• _What is required_: Print the lines that start the entries and continue through the one holding "Step/1 -> MATLAB Function2/1(r)", please, exactly and with the pictures omitted.

• _Materials provided_:
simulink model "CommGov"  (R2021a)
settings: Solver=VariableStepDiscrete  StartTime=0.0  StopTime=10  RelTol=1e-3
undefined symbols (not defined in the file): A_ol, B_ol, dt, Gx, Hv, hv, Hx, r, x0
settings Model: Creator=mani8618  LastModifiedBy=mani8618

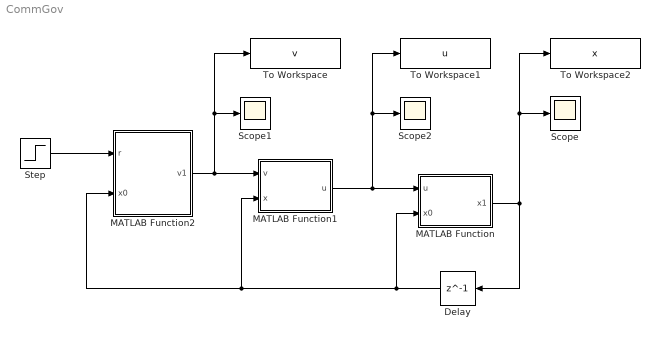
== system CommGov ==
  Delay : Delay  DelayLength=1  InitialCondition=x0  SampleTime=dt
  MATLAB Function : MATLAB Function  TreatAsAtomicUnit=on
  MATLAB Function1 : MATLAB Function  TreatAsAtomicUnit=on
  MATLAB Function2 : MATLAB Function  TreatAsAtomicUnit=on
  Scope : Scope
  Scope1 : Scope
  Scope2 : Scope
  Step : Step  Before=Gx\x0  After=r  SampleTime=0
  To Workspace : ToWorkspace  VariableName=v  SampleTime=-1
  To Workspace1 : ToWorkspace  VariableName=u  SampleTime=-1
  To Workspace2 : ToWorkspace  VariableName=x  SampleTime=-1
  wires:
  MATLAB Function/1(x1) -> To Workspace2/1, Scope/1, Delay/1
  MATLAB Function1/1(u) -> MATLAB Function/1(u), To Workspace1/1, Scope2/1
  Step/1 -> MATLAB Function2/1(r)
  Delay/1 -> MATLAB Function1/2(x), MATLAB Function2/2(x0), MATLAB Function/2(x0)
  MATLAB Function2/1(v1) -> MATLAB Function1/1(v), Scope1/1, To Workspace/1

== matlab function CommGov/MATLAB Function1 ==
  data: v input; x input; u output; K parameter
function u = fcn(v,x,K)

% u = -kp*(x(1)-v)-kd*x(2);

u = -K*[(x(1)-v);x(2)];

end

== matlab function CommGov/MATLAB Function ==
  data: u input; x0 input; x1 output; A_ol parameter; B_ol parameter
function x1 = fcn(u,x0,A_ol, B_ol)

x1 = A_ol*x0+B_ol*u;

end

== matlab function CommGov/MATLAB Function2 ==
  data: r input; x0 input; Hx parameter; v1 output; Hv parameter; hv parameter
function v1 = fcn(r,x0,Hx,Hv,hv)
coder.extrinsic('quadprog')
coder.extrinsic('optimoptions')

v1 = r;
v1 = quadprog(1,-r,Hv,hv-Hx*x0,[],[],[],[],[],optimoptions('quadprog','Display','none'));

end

• _Exercise solution_:
simulink model "CommGov"  (R2021a)
settings: Solver=VariableStepDiscrete  StartTime=0.0  StopTime=10  RelTol=1e-3
undefined symbols (not defined in the file): A_ol, B_ol, dt, Gx, Hv, hv, Hx, r, x0
settings Model: Creator=mani8618  LastModifiedBy=mani8618

== system CommGov ==
  Delay : Delay  DelayLength=1  InitialCondition=x0  SampleTime=dt
  MATLAB Function : MATLAB Function  TreatAsAtomicUnit=on
  MATLAB Function1 : MATLAB Function  TreatAsAtomicUnit=on
  MATLAB Function2 : MATLAB Function  TreatAsAtomicUnit=on
  Scope : Scope
  Scope1 : Scope
  Scope2 : Scope
  Step : Step  Before=Gx\x0  After=r  SampleTime=0
  To Workspace : ToWorkspace  VariableName=v  SampleTime=-1
  To Workspace1 : ToWorkspace  VariableName=u  SampleTime=-1
  To Workspace2 : ToWorkspace  VariableName=x  SampleTime=-1
  wires:
  MATLAB Function/1(x1) -> To Workspace2/1, Scope/1, Delay/1
  MATLAB Function1/1(u) -> MATLAB Function/1(u), To Workspace1/1, Scope2/1
  Step/1 -> MATLAB Function2/1(r)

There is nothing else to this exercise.